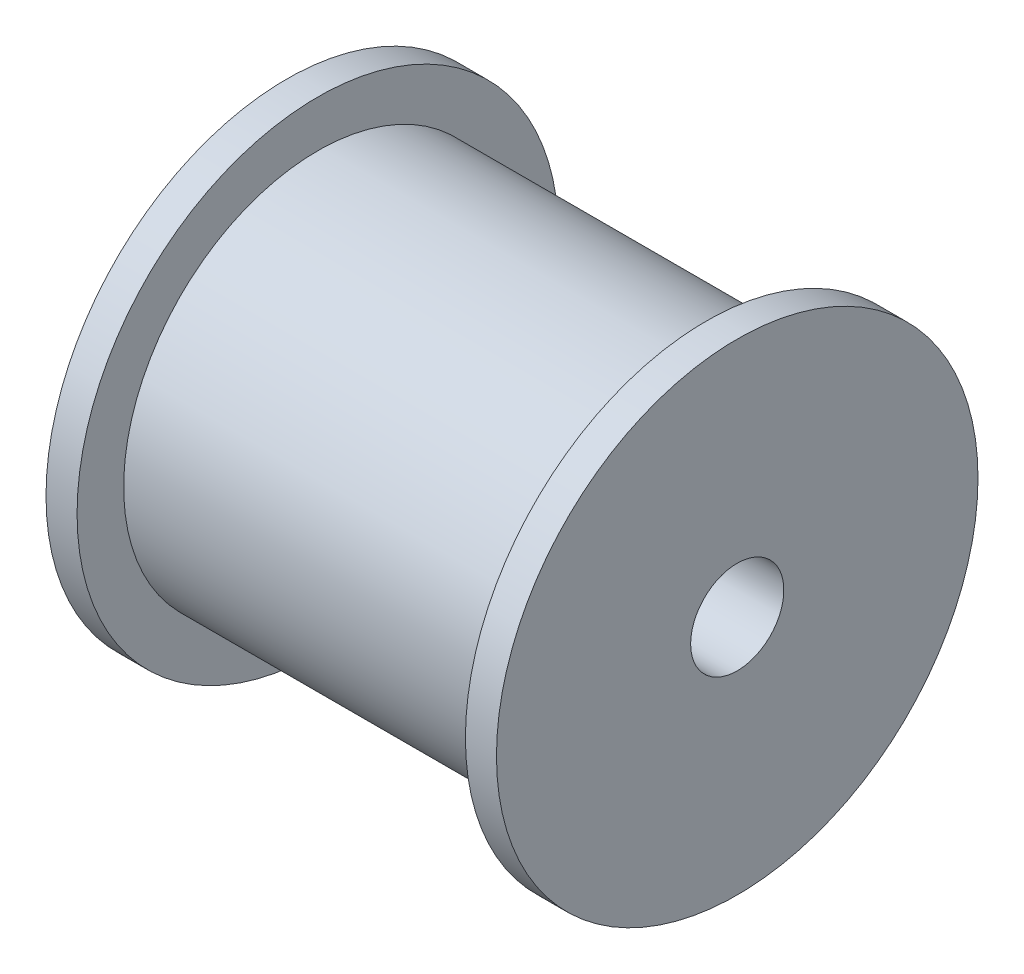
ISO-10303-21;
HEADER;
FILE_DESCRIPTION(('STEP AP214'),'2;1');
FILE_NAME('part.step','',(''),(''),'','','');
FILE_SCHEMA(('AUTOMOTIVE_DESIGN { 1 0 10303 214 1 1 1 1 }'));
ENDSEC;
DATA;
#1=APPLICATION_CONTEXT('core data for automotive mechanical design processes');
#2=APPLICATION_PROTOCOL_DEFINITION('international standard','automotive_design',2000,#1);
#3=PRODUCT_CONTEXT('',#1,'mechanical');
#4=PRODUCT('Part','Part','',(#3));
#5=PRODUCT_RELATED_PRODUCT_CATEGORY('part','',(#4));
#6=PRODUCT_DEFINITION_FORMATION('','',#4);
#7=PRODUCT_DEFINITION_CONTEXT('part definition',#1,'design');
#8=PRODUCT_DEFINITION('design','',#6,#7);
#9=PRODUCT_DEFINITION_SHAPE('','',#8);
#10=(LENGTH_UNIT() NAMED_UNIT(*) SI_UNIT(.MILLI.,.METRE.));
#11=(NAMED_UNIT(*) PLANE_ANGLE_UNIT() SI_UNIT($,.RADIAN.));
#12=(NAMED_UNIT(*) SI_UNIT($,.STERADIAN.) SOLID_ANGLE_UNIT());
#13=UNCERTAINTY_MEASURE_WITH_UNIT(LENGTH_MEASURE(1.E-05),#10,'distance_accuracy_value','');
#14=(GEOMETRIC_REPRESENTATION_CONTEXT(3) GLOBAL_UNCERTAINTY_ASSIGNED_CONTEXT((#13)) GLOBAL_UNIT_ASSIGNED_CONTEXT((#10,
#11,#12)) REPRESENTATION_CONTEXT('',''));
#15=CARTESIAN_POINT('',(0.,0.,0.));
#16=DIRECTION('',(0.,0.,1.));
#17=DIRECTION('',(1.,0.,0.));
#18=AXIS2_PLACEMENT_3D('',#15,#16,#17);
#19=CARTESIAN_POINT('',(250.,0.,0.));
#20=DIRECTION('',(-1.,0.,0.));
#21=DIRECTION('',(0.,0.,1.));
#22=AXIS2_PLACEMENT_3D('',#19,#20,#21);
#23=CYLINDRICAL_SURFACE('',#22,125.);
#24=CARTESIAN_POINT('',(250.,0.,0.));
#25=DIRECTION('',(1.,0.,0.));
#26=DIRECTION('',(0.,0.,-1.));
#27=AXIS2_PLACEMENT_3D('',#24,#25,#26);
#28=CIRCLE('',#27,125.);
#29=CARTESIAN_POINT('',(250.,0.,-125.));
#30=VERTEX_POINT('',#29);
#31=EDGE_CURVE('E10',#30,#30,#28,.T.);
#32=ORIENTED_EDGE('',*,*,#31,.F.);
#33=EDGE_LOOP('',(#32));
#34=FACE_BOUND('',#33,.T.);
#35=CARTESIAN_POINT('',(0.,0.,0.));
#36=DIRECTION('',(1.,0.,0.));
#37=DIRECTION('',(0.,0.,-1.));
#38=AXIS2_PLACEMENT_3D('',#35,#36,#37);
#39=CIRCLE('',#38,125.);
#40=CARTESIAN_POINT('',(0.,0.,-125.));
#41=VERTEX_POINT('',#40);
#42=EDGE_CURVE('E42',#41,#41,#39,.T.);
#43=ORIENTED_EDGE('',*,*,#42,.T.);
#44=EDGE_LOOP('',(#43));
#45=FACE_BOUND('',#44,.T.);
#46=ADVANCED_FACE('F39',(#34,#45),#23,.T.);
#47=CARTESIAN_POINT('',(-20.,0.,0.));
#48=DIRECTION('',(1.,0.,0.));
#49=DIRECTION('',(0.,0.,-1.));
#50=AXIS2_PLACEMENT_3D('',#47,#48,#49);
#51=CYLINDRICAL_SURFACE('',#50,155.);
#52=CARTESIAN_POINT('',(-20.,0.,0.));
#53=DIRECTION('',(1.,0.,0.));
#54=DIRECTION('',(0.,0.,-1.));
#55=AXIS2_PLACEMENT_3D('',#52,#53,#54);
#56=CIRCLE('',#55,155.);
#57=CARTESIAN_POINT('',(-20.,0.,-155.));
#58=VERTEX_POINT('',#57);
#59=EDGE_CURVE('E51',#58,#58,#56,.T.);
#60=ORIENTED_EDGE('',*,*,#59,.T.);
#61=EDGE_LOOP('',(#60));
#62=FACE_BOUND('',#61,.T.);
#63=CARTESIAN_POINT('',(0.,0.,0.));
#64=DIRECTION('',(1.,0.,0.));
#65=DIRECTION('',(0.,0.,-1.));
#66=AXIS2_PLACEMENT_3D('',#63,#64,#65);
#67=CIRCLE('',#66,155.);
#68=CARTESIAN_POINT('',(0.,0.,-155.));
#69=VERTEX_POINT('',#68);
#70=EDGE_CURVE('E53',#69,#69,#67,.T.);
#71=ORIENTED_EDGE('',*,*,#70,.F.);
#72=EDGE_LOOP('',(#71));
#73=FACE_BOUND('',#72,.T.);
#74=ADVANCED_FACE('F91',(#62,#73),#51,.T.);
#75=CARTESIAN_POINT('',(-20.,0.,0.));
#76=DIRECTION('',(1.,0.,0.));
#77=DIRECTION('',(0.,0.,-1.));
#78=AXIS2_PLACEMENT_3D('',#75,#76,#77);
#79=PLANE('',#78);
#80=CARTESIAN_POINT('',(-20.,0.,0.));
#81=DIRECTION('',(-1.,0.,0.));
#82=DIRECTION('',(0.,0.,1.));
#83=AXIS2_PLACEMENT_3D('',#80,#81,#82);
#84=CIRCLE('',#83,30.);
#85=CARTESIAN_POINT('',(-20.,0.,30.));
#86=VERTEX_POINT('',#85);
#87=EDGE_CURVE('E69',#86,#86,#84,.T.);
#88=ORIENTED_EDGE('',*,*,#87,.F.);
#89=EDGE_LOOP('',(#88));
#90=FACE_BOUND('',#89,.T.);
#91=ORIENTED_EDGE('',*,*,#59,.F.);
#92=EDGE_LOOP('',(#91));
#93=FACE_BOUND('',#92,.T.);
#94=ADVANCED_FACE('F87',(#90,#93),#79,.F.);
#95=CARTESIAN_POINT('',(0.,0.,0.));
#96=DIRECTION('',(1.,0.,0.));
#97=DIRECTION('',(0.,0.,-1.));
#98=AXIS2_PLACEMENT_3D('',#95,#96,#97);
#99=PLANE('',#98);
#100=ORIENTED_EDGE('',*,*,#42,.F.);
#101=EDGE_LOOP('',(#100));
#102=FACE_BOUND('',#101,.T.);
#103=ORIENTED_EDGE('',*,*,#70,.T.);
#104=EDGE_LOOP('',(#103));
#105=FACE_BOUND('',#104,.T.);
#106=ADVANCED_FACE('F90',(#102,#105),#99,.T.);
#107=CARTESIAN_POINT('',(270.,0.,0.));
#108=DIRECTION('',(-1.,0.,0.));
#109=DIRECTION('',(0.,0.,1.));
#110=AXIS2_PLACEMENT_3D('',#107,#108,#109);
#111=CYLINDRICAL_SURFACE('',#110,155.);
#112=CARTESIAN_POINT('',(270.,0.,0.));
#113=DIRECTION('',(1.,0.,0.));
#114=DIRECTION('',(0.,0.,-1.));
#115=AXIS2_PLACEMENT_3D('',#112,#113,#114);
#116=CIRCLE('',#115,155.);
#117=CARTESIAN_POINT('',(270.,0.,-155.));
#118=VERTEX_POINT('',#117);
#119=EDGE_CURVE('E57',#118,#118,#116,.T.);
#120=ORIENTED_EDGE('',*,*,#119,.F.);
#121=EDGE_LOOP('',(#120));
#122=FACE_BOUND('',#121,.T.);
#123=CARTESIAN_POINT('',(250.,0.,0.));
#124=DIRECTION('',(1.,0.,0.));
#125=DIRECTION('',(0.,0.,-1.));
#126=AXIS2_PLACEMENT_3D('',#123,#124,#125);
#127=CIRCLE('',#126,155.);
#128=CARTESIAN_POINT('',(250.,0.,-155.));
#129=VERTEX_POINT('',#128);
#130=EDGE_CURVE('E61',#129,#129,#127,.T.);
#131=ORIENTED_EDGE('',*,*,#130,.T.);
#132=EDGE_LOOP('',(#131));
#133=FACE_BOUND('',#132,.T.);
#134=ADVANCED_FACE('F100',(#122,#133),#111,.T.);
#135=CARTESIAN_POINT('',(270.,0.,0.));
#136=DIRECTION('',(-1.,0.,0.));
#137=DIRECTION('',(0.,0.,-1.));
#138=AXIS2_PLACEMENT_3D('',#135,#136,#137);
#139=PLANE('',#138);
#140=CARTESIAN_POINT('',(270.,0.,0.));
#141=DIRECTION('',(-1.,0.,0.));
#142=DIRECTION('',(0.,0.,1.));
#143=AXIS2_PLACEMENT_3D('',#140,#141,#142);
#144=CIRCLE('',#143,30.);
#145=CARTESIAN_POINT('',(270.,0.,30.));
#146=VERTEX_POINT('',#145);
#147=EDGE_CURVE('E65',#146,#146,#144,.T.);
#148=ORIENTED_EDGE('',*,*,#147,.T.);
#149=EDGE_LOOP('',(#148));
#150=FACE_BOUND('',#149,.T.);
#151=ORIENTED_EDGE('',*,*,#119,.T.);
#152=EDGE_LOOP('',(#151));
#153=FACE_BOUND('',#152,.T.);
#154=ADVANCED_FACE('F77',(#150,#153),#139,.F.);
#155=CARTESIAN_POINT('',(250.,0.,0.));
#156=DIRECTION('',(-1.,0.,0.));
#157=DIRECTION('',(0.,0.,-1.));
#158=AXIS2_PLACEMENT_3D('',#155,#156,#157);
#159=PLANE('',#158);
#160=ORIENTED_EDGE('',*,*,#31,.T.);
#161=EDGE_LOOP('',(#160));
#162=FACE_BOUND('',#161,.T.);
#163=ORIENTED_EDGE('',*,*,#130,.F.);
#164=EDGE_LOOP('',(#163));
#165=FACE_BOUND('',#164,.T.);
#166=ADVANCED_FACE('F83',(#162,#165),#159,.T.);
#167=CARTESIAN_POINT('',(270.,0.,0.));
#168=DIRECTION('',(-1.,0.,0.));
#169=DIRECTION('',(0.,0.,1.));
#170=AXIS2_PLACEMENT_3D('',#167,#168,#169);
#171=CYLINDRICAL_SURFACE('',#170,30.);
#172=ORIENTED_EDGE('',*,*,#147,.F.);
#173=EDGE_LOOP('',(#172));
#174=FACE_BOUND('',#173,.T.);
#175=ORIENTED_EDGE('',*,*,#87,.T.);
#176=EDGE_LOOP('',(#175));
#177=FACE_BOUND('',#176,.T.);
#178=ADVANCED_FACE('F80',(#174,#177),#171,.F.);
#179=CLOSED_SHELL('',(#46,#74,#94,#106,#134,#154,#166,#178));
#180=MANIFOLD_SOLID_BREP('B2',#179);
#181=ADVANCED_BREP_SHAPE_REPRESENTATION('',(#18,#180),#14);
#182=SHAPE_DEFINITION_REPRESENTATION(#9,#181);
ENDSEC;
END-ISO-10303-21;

▶ **BRIEF**
Out of the listing above, reproduce exactly the lines from the one with "#18=AXIS2_PLACEMENT_3D('',#15,#16,#17);" up to and including the one with "#65=DIRECTION('',(0.,0.,-1.));".

▶ **WRITTEN SOLUTION**
#18=AXIS2_PLACEMENT_3D('',#15,#16,#17);
#19=CARTESIAN_POINT('',(250.,0.,0.));
#20=DIRECTION('',(-1.,0.,0.));
#21=DIRECTION('',(0.,0.,1.));
#22=AXIS2_PLACEMENT_3D('',#19,#20,#21);
#23=CYLINDRICAL_SURFACE('',#22,125.);
#24=CARTESIAN_POINT('',(250.,0.,0.));
#25=DIRECTION('',(1.,0.,0.));
#26=DIRECTION('',(0.,0.,-1.));
#27=AXIS2_PLACEMENT_3D('',#24,#25,#26);
#28=CIRCLE('',#27,125.);
#29=CARTESIAN_POINT('',(250.,0.,-125.));
#30=VERTEX_POINT('',#29);
#31=EDGE_CURVE('E10',#30,#30,#28,.T.);
#32=ORIENTED_EDGE('',*,*,#31,.F.);
#33=EDGE_LOOP('',(#32));
#34=FACE_BOUND('',#33,.T.);
#35=CARTESIAN_POINT('',(0.,0.,0.));
#36=DIRECTION('',(1.,0.,0.));
#37=DIRECTION('',(0.,0.,-1.));
#38=AXIS2_PLACEMENT_3D('',#35,#36,#37);
#39=CIRCLE('',#38,125.);
#40=CARTESIAN_POINT('',(0.,0.,-125.));
#41=VERTEX_POINT('',#40);
#42=EDGE_CURVE('E42',#41,#41,#39,.T.);
#43=ORIENTED_EDGE('',*,*,#42,.T.);
#44=EDGE_LOOP('',(#43));
#45=FACE_BOUND('',#44,.T.);
#46=ADVANCED_FACE('F39',(#34,#45),#23,.T.);
#47=CARTESIAN_POINT('',(-20.,0.,0.));
#48=DIRECTION('',(1.,0.,0.));
#49=DIRECTION('',(0.,0.,-1.));
#50=AXIS2_PLACEMENT_3D('',#47,#48,#49);
#51=CYLINDRICAL_SURFACE('',#50,155.);
#52=CARTESIAN_POINT('',(-20.,0.,0.));
#53=DIRECTION('',(1.,0.,0.));
#54=DIRECTION('',(0.,0.,-1.));
#55=AXIS2_PLACEMENT_3D('',#52,#53,#54);
#56=CIRCLE('',#55,155.);
#57=CARTESIAN_POINT('',(-20.,0.,-155.));
#58=VERTEX_POINT('',#57);
#59=EDGE_CURVE('E51',#58,#58,#56,.T.);
#60=ORIENTED_EDGE('',*,*,#59,.T.);
#61=EDGE_LOOP('',(#60));
#62=FACE_BOUND('',#61,.T.);
#63=CARTESIAN_POINT('',(0.,0.,0.));
#64=DIRECTION('',(1.,0.,0.));
#65=DIRECTION('',(0.,0.,-1.));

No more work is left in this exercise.